Records from a data source ▸
§

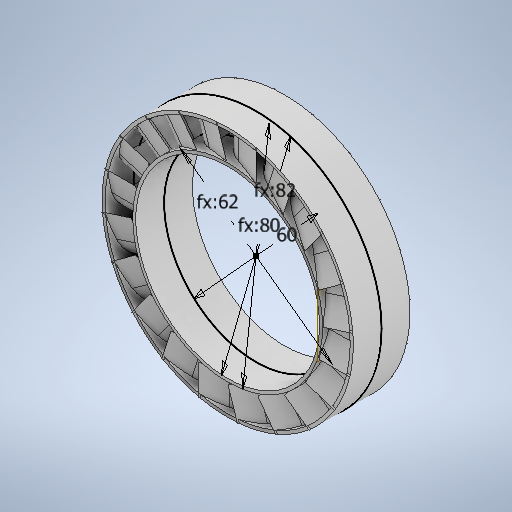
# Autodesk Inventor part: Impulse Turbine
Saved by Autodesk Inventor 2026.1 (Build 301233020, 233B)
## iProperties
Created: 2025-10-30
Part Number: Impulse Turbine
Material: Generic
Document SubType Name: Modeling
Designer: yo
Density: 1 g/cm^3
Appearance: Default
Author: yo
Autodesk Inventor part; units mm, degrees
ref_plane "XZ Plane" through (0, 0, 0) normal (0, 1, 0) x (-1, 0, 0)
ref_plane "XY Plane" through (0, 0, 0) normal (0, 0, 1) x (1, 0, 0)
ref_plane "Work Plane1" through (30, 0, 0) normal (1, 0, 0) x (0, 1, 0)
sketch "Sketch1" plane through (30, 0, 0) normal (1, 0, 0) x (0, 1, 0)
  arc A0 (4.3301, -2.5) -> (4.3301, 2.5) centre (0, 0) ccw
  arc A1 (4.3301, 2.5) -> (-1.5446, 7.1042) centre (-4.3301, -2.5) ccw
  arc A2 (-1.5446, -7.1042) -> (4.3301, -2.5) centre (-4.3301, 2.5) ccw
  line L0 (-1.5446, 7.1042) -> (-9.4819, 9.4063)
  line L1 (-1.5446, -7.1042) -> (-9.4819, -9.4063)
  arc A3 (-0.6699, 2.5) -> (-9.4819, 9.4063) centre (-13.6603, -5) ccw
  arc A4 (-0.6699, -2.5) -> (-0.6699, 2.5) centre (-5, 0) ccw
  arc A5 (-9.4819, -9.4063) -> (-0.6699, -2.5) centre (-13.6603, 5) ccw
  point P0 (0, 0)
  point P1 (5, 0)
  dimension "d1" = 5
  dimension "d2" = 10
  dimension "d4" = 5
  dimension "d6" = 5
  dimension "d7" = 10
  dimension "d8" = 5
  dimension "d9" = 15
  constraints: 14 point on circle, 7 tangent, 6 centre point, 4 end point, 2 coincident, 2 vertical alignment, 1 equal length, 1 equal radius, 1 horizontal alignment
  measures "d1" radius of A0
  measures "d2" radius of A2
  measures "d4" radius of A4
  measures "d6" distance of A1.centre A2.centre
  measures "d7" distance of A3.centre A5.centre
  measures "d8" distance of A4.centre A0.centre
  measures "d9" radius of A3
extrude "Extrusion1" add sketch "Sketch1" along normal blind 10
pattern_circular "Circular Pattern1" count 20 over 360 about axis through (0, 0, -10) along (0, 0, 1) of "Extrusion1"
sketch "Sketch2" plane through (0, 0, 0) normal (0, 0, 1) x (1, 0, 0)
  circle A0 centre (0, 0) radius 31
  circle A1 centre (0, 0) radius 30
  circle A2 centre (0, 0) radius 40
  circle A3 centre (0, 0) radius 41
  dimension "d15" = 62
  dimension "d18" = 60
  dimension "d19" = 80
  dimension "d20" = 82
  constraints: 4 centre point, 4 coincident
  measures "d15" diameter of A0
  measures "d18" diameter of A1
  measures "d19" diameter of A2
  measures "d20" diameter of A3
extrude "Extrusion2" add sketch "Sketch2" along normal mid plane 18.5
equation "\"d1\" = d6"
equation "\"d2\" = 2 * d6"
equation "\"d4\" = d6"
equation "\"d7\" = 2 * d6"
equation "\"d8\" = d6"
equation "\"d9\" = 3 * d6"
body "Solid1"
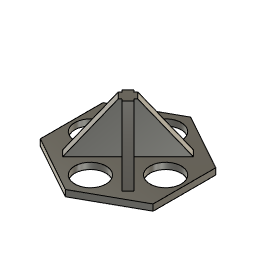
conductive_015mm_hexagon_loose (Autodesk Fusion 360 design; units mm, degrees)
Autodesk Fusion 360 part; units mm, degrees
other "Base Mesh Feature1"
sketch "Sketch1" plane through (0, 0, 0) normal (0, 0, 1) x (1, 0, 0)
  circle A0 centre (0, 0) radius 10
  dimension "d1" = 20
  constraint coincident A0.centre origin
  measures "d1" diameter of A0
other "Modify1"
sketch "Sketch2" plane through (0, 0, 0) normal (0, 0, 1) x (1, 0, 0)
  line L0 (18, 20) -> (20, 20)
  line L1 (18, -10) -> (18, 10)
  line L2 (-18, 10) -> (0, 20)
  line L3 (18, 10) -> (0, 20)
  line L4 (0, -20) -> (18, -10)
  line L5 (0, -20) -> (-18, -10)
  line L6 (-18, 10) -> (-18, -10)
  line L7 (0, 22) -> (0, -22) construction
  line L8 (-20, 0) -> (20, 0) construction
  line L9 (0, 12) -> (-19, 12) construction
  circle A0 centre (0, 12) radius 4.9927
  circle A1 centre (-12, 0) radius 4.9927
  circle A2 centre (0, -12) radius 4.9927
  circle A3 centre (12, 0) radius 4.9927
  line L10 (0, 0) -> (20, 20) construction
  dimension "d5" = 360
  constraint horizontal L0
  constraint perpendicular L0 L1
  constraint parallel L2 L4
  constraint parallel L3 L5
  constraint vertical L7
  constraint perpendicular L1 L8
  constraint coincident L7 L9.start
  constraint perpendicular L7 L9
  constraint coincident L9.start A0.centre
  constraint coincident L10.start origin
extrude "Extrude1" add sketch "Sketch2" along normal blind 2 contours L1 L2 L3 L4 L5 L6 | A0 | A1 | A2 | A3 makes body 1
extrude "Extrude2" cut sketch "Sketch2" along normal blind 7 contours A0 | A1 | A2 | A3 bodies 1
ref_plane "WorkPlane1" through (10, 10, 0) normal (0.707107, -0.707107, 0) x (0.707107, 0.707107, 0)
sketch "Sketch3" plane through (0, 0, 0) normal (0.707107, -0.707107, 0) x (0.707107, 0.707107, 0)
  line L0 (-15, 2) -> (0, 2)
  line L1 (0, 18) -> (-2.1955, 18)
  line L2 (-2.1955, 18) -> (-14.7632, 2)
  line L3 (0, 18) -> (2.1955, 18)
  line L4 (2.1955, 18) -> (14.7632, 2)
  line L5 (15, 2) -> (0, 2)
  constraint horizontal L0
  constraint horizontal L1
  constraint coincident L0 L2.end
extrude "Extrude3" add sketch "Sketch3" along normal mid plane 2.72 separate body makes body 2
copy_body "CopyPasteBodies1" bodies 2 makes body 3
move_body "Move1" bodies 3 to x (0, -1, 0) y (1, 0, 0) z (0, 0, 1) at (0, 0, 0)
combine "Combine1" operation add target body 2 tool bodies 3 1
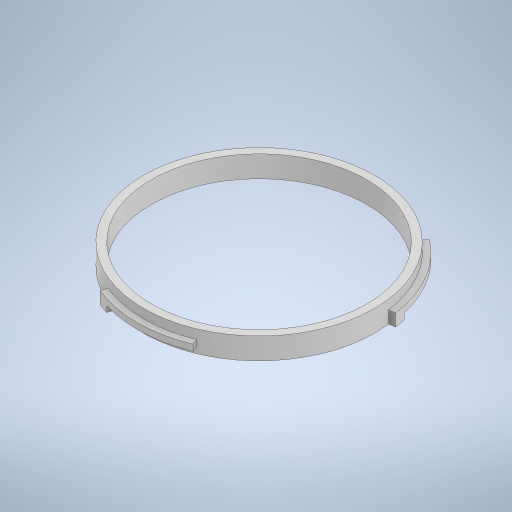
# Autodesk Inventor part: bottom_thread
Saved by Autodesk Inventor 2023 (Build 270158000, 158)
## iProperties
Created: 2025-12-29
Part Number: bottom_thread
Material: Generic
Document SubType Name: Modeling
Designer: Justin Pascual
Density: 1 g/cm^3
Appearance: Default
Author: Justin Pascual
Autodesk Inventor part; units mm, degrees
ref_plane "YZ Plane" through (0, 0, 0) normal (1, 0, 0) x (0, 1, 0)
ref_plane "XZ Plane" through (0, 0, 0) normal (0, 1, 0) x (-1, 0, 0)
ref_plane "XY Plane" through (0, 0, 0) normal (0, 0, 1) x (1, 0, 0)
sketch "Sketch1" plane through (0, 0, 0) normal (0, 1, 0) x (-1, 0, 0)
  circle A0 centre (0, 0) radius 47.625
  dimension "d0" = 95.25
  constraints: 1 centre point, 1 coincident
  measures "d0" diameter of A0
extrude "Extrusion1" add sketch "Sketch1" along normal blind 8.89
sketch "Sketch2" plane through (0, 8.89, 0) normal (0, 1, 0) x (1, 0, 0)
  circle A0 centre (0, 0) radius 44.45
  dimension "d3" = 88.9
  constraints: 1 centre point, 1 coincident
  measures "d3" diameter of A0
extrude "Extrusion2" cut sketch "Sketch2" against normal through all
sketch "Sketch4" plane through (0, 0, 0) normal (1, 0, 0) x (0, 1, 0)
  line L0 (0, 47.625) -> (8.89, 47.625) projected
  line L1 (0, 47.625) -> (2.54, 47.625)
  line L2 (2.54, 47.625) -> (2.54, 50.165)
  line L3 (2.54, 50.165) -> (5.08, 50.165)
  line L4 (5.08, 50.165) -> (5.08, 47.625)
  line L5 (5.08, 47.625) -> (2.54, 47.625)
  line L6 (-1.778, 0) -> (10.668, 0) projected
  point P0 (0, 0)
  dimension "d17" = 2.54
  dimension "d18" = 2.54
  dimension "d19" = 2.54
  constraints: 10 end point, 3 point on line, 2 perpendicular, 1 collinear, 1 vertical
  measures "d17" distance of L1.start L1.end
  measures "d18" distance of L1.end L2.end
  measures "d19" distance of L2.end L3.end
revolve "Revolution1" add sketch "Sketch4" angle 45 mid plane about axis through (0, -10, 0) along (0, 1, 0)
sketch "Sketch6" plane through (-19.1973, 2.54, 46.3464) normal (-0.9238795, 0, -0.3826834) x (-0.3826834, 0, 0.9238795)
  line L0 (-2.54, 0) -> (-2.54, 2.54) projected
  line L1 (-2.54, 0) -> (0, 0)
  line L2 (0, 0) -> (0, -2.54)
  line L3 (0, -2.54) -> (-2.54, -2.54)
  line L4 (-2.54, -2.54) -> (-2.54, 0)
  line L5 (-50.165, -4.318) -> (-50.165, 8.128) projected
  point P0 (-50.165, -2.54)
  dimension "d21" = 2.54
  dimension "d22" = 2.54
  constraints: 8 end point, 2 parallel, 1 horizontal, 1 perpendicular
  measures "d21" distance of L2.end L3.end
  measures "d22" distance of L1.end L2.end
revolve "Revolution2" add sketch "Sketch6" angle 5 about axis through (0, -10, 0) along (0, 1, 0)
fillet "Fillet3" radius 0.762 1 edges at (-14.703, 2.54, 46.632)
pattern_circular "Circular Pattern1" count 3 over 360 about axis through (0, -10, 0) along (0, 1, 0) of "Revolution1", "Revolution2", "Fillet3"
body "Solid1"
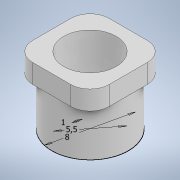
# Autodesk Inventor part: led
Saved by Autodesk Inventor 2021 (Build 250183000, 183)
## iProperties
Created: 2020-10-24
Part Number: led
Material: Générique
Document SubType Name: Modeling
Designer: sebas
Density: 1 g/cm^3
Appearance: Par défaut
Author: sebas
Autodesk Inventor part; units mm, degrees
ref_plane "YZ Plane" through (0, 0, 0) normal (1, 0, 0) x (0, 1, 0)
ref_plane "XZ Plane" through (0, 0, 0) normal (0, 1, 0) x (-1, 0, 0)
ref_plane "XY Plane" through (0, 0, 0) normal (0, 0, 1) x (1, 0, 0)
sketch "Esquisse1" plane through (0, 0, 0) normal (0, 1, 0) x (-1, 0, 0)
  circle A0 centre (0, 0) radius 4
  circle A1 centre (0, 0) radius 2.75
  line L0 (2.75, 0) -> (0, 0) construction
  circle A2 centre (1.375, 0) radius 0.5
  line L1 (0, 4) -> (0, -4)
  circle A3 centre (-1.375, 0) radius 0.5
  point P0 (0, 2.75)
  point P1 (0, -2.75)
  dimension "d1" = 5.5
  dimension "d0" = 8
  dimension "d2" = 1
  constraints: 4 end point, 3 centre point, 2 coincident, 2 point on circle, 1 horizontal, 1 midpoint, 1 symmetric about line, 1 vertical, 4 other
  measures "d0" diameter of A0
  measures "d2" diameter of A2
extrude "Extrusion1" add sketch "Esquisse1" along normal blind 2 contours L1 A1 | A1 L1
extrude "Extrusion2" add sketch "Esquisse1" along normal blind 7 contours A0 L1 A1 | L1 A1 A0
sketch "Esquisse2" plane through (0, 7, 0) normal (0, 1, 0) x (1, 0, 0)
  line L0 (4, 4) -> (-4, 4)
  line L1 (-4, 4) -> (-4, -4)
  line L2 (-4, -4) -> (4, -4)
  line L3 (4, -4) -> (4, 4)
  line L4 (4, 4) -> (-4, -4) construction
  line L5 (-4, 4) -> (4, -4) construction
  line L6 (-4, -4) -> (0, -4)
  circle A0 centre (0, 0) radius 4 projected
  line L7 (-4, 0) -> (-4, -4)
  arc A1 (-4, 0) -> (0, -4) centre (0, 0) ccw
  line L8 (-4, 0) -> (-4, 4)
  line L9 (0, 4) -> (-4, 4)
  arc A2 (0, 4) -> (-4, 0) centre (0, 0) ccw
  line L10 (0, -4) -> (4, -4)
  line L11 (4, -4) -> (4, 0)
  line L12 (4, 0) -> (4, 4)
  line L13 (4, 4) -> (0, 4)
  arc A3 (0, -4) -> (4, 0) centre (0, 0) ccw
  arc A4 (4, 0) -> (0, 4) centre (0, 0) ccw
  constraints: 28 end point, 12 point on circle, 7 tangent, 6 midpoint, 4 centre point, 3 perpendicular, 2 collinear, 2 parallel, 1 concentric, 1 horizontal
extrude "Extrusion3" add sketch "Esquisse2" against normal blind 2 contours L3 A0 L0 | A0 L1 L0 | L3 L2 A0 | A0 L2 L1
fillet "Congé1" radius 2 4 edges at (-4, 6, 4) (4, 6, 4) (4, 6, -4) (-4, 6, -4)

§

Problem to work on ▸
Show me all lines in the records that contain "equation".

Your response ▸
equation "\"d1\" = d6"
equation "\"d2\" = 2 * d6"
equation "\"d4\" = d6"
equation "\"d7\" = 2 * d6"
equation "\"d8\" = d6"
equation "\"d9\" = 3 * d6"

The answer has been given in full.